Yeah…yeah…I get it.  Those that have seen the film are trying to tell me, "But Craig, JEFF, WHO LIVES AT HOME is purposely directionless.  It all boils down to how one wrong phone call, a meeting with his brother, a search for truth about Linda’s supposed affair, and his mother’s brush with an admirer will all – as SIGNS has taught us – build to a crescendo of interconnectedness for all the players involved.  At this time Jeff is given the opportunity to do something special and, in turn, touch the hearts of all around him, healing them in one form or another."  Yes, I get it.  Jeff’s an unsophisticated doofus that spends a day defined by unrelated signs and peculiar, unreliable incidents, but because Jeff is so convinced that they will build to something big viewers are meant to be just as convinced as well.  I wasn’t.  The aforementioned big climax of the film is a would-be big and triumphant moment for Jeff that artificially brings all those that are close to him together for that pivotal moment where Jeff achieves a moment of greatness.  It feels less like fate and destiny, though, than it does as the result of a scattershot screenplay. 
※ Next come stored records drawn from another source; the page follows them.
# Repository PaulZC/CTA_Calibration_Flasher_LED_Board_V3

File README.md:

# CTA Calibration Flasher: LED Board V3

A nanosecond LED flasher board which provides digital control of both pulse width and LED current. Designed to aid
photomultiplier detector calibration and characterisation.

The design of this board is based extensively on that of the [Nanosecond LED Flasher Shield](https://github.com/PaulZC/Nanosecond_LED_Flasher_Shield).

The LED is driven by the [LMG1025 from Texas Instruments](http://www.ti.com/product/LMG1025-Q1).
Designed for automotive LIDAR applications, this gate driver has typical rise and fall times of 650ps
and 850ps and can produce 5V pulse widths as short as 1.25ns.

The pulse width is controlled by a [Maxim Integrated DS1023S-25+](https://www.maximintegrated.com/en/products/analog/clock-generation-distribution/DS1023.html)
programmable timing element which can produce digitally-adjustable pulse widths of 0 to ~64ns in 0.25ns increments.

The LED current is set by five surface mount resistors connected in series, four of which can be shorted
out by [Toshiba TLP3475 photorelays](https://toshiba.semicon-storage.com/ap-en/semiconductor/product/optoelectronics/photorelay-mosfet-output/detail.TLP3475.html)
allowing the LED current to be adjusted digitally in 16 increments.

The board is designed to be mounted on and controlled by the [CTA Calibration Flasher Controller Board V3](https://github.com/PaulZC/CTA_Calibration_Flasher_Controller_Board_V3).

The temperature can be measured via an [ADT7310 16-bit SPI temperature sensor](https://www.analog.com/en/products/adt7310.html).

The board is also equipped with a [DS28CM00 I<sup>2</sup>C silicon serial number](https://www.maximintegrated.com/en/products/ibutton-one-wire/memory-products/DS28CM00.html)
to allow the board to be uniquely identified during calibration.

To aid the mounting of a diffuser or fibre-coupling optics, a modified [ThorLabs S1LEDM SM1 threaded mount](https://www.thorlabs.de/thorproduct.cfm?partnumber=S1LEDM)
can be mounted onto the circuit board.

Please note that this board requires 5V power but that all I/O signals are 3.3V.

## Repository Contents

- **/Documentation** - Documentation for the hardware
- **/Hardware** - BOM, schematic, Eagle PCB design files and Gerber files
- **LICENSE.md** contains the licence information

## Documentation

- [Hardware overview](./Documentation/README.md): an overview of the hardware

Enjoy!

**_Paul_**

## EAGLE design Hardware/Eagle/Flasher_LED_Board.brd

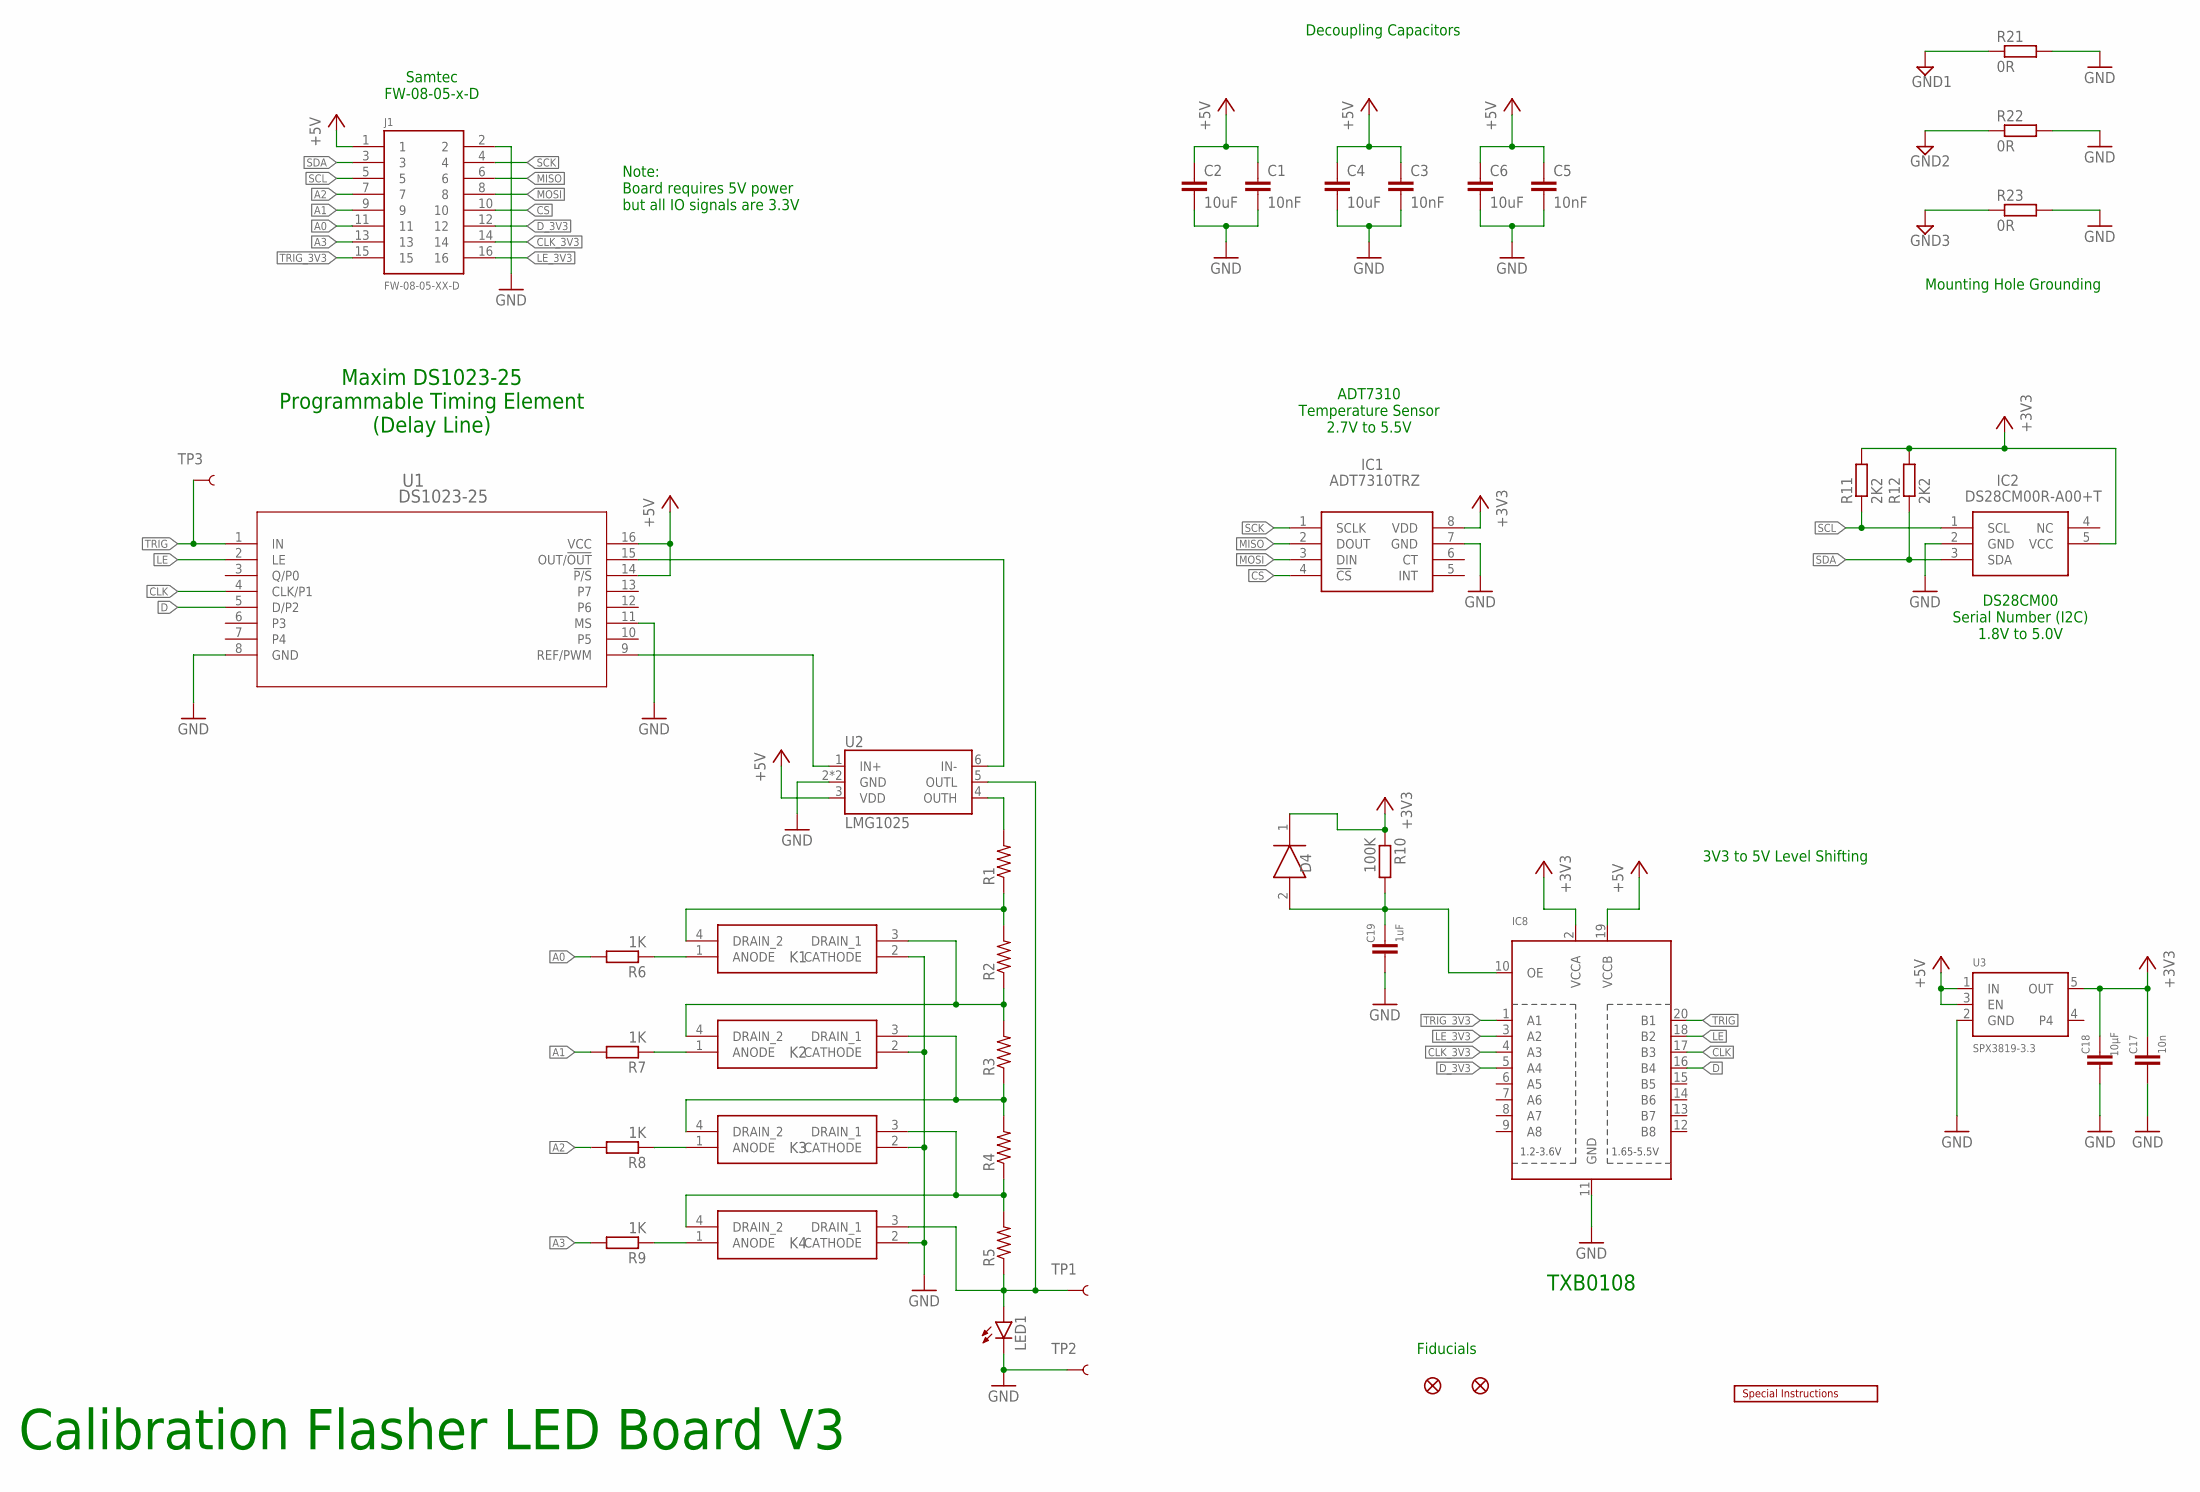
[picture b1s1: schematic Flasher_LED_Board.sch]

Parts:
C1, C3, C5: 10nF; C0805
C2, C4, C6: 10uF; C0805
C17: 10n; C0603
C18: 10µF; C0805
C19: 1uF; C0603
D4: CD0603-B00340; DIOM179X85N
FD1, FD2: FIDUCIAL1X2; FIDUCIAL-1X2
IC1: ADT7310TRZ; SOIC127P600X175-8N
IC2: DS28CM00R-A00+T; SOT95P280X145-5N
IC8: TXB0108PWR; TSSOP20
J1: FW-08-05-XX-D
K1, K2, K3, K4: TLP3475R(TP,F; TLP3475RTPF
LED1: LED3MM
LOGO6: SPECIAL_INSTRUCTIONS-ORDERING; ORDERING_INSTRUCTIONS
R1, R2, R3, R4, R5: RESISTOR0805-RES; 0805
R6, R7, R8, R9: 1K; R0603
R10: 100K; R0603
R11, R12: 2K2; R0603
R21, R22, R23: 0R; R0603
TP1, TP2, TP3: TEST-POINTPOGO_PTH; 1X01_NO_SILK
U1: DS1023-25; 21-0042B_16
U2: LMG1025
U3: SPX3819-3.3; SOT23-5

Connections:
+3V3: C17.1, C18.1, D4.1 (K), IC1.8 (VDD), IC2.5 (VCC), IC8.2 (VCCA), R10.1, R11.2, R12.2, U3.5 (OUT)
+5V: C1.1, C2.1, C3.1, C4.1, C5.1, C6.1, IC8.19 (VCCB), J1.1, U1.14 (!P/S), U1.16 (VCC), U2.3 (VDD), U3.1 (IN), U3.3 (EN)
A0: J1.11, R6.2
A1: J1.9, R7.2
A2: J1.7, R8.2
A3: J1.13, R9.2
CLK: IC8.17 (B3), U1.4 (CLK/P1)
CLK_3V3: IC8.4 (A3), J1.14
CS: IC1.4 (!CS), J1.10
D: IC8.16 (B4), U1.5 (D/P2)
D_3V3: IC8.5 (A4), J1.12
GND: C1.2, C2.2, C3.2, C4.2, C5.2, C6.2, C17.2, C18.2, C19.2, IC1.7 (GND), IC2.2 (GND), IC8.11 (GND), J1.2, K1.2 (CATHODE), K2.2 (CATHODE), K3.2 (CATHODE), K4.2 (CATHODE), LED1.K (C), R21.2, R22.2, R23.2, TP2.1, U1.8 (GND), U1.11 (MS), U2.2 (GND), U2.PAD (GND), U3.2 (GND)
GND1: R21.1
GND2: R22.1
GND3: R23.1
LE: IC8.18 (B2), U1.2 (LE)
LE_3V3: IC8.3 (A2), J1.16
MISO: IC1.2 (DOUT), J1.6
MOSI: IC1.3 (DIN), J1.8
unnamed: C19.1, D4.2 (A), IC8.10 (OE), R10.2
unnamed: U1.15 (OUT/!OUT), U2.6 (IN-)
unnamed: U1.9 (REF/PWM), U2.1 (IN+)
unnamed: R1.2, U2.4 (OUTH)
unnamed: K1.4 (DRAIN_2), R1.1, R2.2
unnamed: K1.3 (DRAIN_1), K2.4 (DRAIN_2), R2.1, R3.2
unnamed: K2.3 (DRAIN_1), K3.4 (DRAIN_2), R3.1, R4.2
unnamed: K3.3 (DRAIN_1), K4.4 (DRAIN_2), R4.1, R5.2
unnamed: K4.3 (DRAIN_1), LED1.A, R5.1, TP1.1, U2.5 (OUTL)
unnamed: K1.1 (ANODE), R6.1
unnamed: K2.1 (ANODE), R7.1
unnamed: K3.1 (ANODE), R8.1
unnamed: K4.1 (ANODE), R9.1
SCK: IC1.1 (SCLK), J1.4
SCL: IC2.1 (SCL), J1.5, R11.1
SDA: IC2.3 (SDA), J1.3, R12.1
TRIG: IC8.20 (B1), TP3.1, U1.1 (IN)
TRIG_3V3: IC8.1 (A1), J1.15

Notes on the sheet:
Calibration Flasher LED Board V3
Samtec FW-08-05-x-D
Fiducials
Mounting Hole Grounding
Decoupling Capacitors
Maxim DS1023-25 Programmable Timing Element (Delay Line)
ADT7310 Temperature Sensor 2.7V to 5.5V
DS28CM00 Serial Number (I2C) 1.8V to 5.0V
TXB0108
3V3 to 5V Level Shifting
Note: Board requires 5V power but all IO signals are 3.3V

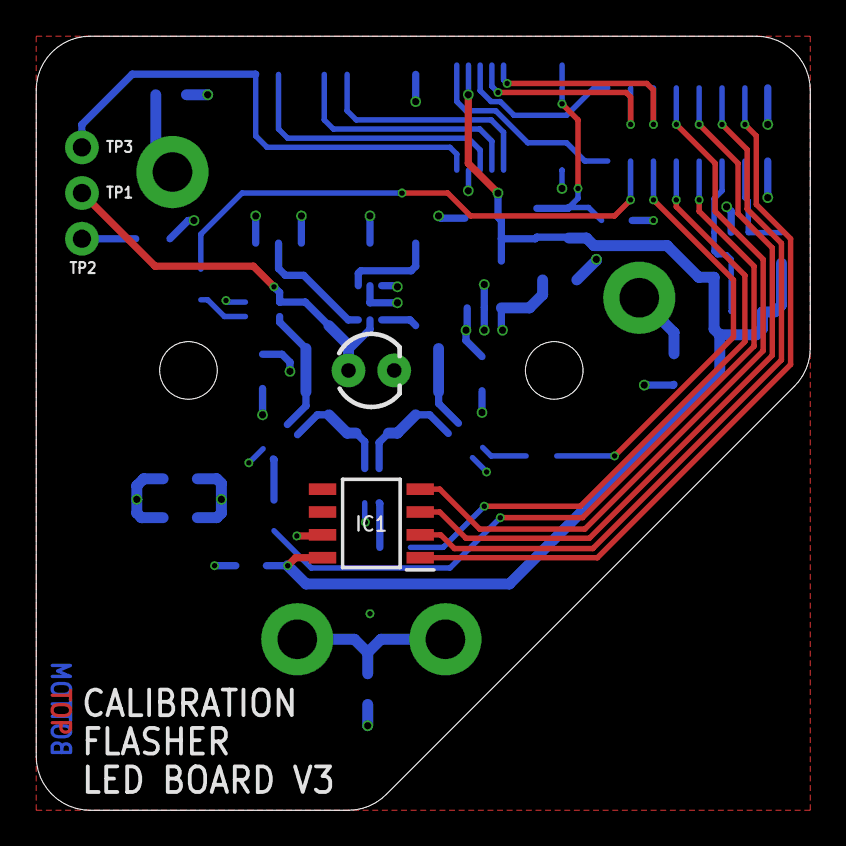
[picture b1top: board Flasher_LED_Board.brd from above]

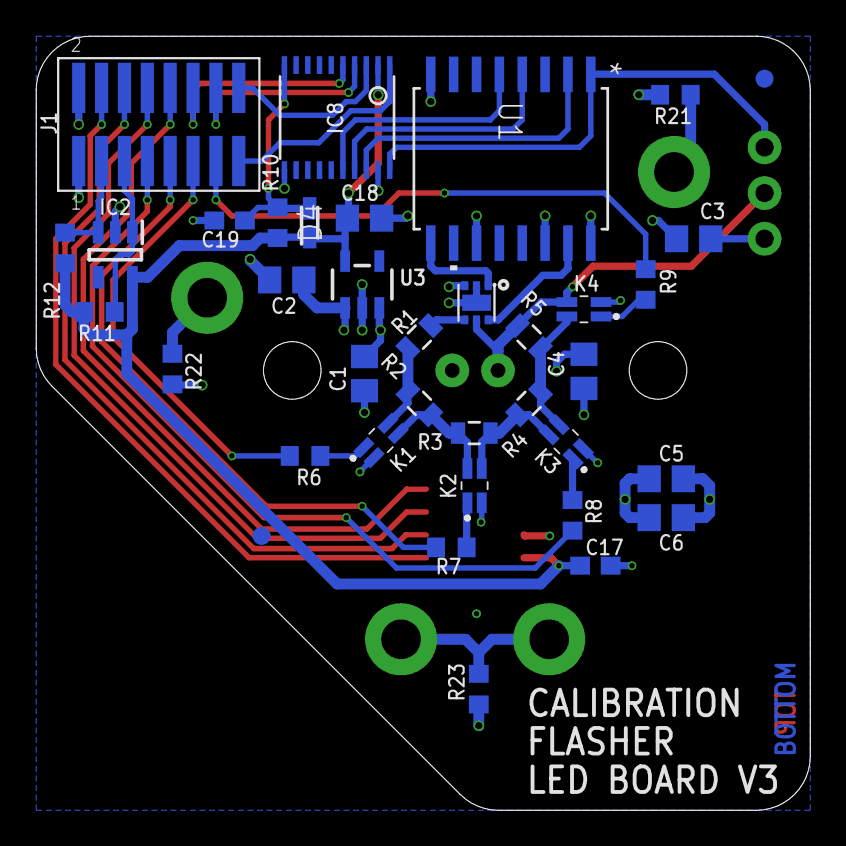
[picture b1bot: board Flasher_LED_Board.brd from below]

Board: 4 copper layers, 43.0 x 43.0 mm, 43 parts (37 on the bottom side), 34 nets.

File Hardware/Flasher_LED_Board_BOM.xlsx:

Part | X | X (Mirrored) | Y | Angle | Angle (Mirrored) | Package | Value | Manufacturer | Manufacturer Part No | Farnell Part No | Mouser Part No | Description
Dimensions | 43 |  | 43
Fiducials - for solder paste mask alignment:
FD1 | 2.54 | 40.46 | 40.64 | 0 |  |  |  |  |  |  |  | Fiducial 1mm
FD2 | 30.48 | 12.52 | 15.24 | 0 |  |  |  |  |  |  |  | Fiducial 1mm
Surface Mount Components (Top):
IC1 | 18.62 |  | 16.94 | 180 |  | 8-Lead SOIC_N (R-8) | ADT7310TRZ | Analog Devices | ADT7310TRZ | 2067805 | 584-ADT7310TRZ-R7 | Temperature Sensor IC, Digital, ± 0.5°C, -55 °C, +150 °C
Surface Mount Components (Bottom):
C1 | 24.77 | 18.23 | 24.26 | 270 |  | 0805 | 10nF | Walsin | 0805B103K500CT | 2496939 |  | MultiLayer Ceramic Capacitor; 10nF; 50V; 0805; X7R
C2 | 29.08 | 13.92 | 29.46 | 180 |  | 0805 | 10uF | Walsin | 0805F106Z100CT | 2496998 |  | MultiLayer Ceramic Capacitor; 10uF; 10V; 0805
C3 | 6.48 | 36.52 | 31.75 | 0 |  | 0805 | 10nF | Walsin | 0805B103K500CT | 2496939 |  | MultiLayer Ceramic Capacitor; 10nF; 50V; 0805; X7R
C4 | 12.57 | 30.43 | 24.38 | 90 |  | 0805 | 10uF | Walsin | 0805F106Z100CT | 2496998 |  | MultiLayer Ceramic Capacitor; 10uF; 10V; 0805
C5 | 8 | 35 | 18.41 | 0 |  | 0805 | 10nF | Walsin | 0805B103K500CT | 2496939 |  | MultiLayer Ceramic Capacitor; 10nF; 50V; 0805; X7R
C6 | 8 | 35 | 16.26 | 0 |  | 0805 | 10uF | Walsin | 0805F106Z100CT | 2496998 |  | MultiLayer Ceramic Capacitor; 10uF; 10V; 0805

It’s too bad, because the film sports a good cast that competently does what they can with their characters.  Segal, as stated, has a level of goofball charm and underlining sweetness that helps make Jeff something more than a pathetic strain on his mother and family.  His co-star, Ed Helms, can play frenetically anxious and easily paranoid comic characters in his sleep and is a nice foil to Segal’s more restrained turn.   Sarandon hits most of the right notes by tapping into her mother character’s vulnerability and puzzlement in terms of not only dealing with her two sons, but also with discovering who is admiring her from afar at work.  Judy Green perhaps hijacks the film away from her co-stars - as she did in certain instances in last year’s THE DESCENDENTS – with her performances as the beleaguered wife that may or may not be faithful. 

I guess, in the end, I didn’t find JEFF, WHO LIVES AT HOME’s fortune cookie, Yoda-like wisdom about providence and how it shapes a day riddled with haphazard and unconnected episodes to be anything gravely substantial.  The film is sweet, sporadically humorous, has a nimble pacing (it's agreeably short at just 83 minutes) and has its cast performing dutifully, but Jeff never really emerges as a figure worthy of our high esteem.  The film was written and directed by the Brothers Duplass, Jay and Mark, who previously made low-budget indie fare like THE PUFFY CHAIR, TOWELHEAD, and CYRUS.  I think that they have an affinity for being actor’s directors, but their overall style could be best labeled as obtrusively mannered.  They employ a lot of lightning fast zip pans and millisecond close-ups of actors to help accentuate their reactions to what’s transpiring around them…and they do it over and over and over again to the point of maddening frustration.   One critic I read called their style “zoom happy.”  Hmmm...I wasn’t happy while watching it.